Int J Gastrointest Interv 2021; 10(2): 63-66
Published online April 30, 2021 https://doi.org/10.18528/ijgii210002
Copyright © International Journal of Gastrointestinal Intervention.
Jingui Li , Tao Gong
, and Jiaywei Tsauo*
Department of Interventional Therapy, National Cancer Center/National Clinical Research Center for Cancer/Cancer Hospital, Chinese Academy of Medical Sciences and Peking Union Medical College, Beijing, China
Correspondence to:*Department of Interventional Therapy, National Cancer Center/National Clinical Research Center for Cancer/Cancer Hospital, Chinese Academy of Medical Sciences and Peking Union Medical College, 17 Panjiayuan Nanli, Chaoyang District, Beijing 100021, China.
E-mail address: 80732059@qq.com (J. Tsauo).
This is an open-access article distributed under the terms of the Creative Commons Attribution Non-Commercial License (http://creativecommons.org/licenses/bync/4.0) which permits unrestricted noncommercial use, distribution, and reproduction in any medium, provided the original work is properly cited.

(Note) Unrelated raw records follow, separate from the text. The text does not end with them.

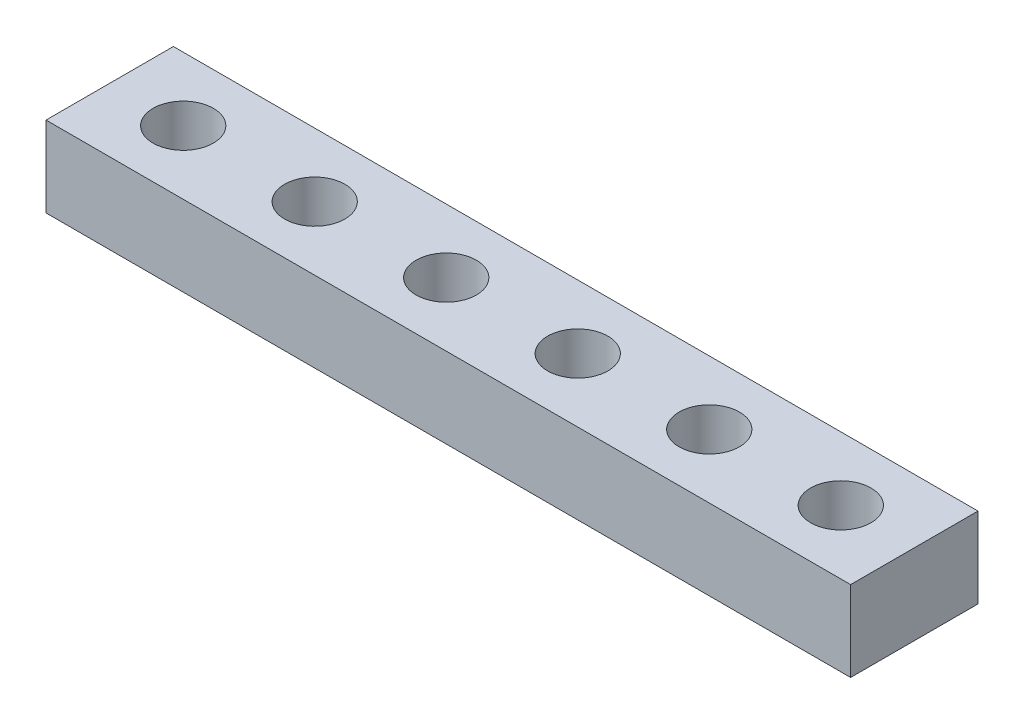
SolidWorks part; units mm, degrees
ref_plane "Front Plane" through (0, 0, 0) normal (0, 0, 1) x (1, 0, 0)
ref_plane "Top Plane" through (0, 0, 0) normal (0, 1, 0) x (1, 0, 0)
ref_plane "Right Plane" through (0, 0, 0) normal (1, 0, 0) x (0, 0, -1)
sketch "Sketch1" plane through (0, 0, 0) normal (0, 1, 0) x (1, 0, 0)
  line L0 (0, -2.375) -> (30, -2.375) construction
  line L1 (0, 0) -> (30, 0)
  line L2 (0, 0) -> (0, -4.75)
  line L3 (0, -4.75) -> (30, -4.75)
  line L4 (30, 0) -> (30, -4.75)
  line L5 (2.7409, -4.75) -> (2.7409, 0) construction
  line L6 (15, 0) -> (15, -4.75) construction
  circle A0 centre (2.7409, -2.375) radius 1.125
  circle A1 centre (7.6445, -2.375) radius 1.125
  circle A2 centre (12.5482, -2.375) radius 1.125
  circle A3 centre (17.4518, -2.375) radius 1.125
  circle A4 centre (22.3555, -2.375) radius 1.125
  circle A5 centre (27.2591, -2.375) radius 1.125
  point P13 (2.7409, -2.375)
  point P24 (15, 0)
  point P25 (0, 0)
  point P26 (2.7409, -4.75)
  dimension "D4" = 2.25
  dimension "D1" = 4.75
  dimension "D2" = 30
  dimension "D3" = 6
extrude "Boss-Extrude1" add sketch "Sketch1" along normal blind 3
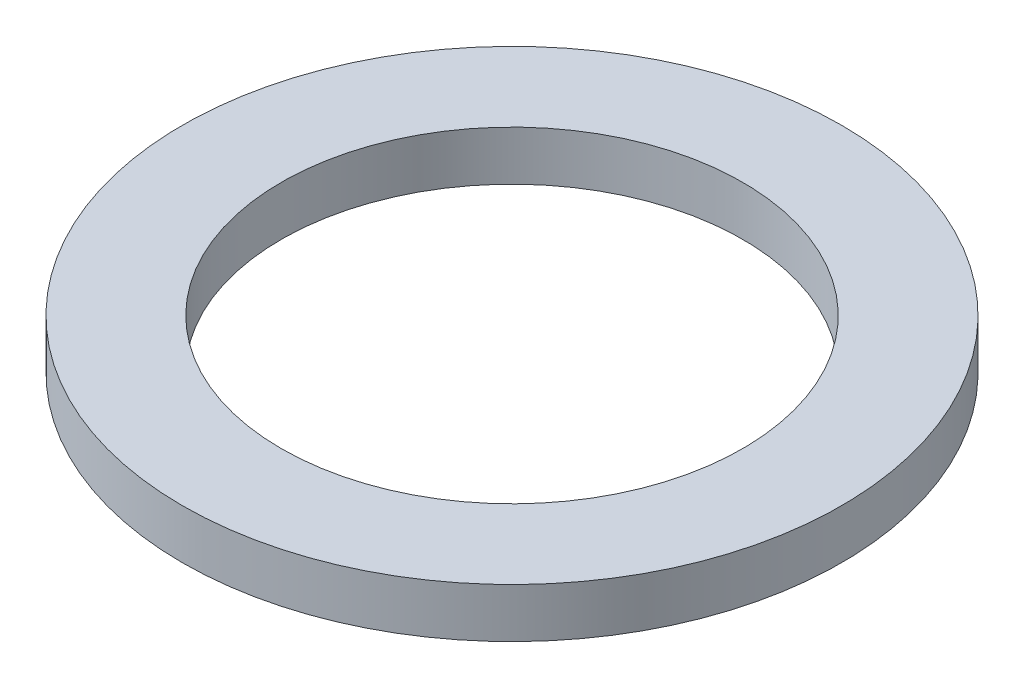
SolidWorks part; units mm, degrees
ref_plane "Plane1" through (0, 0, 0) normal (0, 0, 1) x (1, 0, 0)
ref_plane "Plane2" through (0, 0, 0) normal (0, 1, 0) x (1, 0, 0)
ref_plane "Plane3" through (0, 0, 0) normal (1, 0, 0) x (0, 0, -1)
revolve "Base-Revolve" add sketch "Sketch1" angle 360 about L0
sketch "Sketch1" plane through (0, 0, 0) normal (0, 0, 1) x (1, 0, 0)
  line L0 (0, 10.2161) -> (0, -9.1945) construction
  line L1 (0, 0) -> (7, 0) construction
  line L2 (0, 0) -> (-7, 0) construction
  line L3 (7, 0) -> (10, 0)
  line L4 (7, 0) -> (7, 1.5)
  line L5 (10, 1.5) -> (7, 1.5)
  line L6 (10, 1.5) -> (10, 0)
  line L7 (0, 0) -> (-10, 0) construction
  line L8 (10, 0) -> (0, 0) construction
  dimension "_d" = 14
  dimension "t" = 1.5
  dimension "_dd" = 20

Surgical gastrojejunostomy (GJ) has traditionally been the mainstay of treatment for malignant gastric outlet obstruction (GOO). However, most patients preferentially choose to undergo self-expandable metal stent (SEMS) placement due to its minimally invasive nature, although it is wellrecognized that surgical GJ is associated with longer patency and less reinterventions than SEMS placement. Endoscopic ultrasound (EUS)-guided GJ has recently emerged as a novel procedure for the treatment of malignant GOO. This procedure offers a non-surgical means of performing GJ, but its widespread use is limited because it could only be performed by experienced endoscopists with expertise in EUS-guided procedures. The authors performed fluoroscopy-guided GJ in eight domestic pigs by puncturing the proximal jejunum from the stomach using a Rösch-Uchida transjugular liver access set followed by the placement of a lumen-apposing metal stent across the puncture tract. The results showed that fluoroscopy-guided GJ may be a technically feasible and simple procedure but, before clinical trials can be undertaken, further technical refinements are required to reduce the risk of inadvertent transgression of non-target organs.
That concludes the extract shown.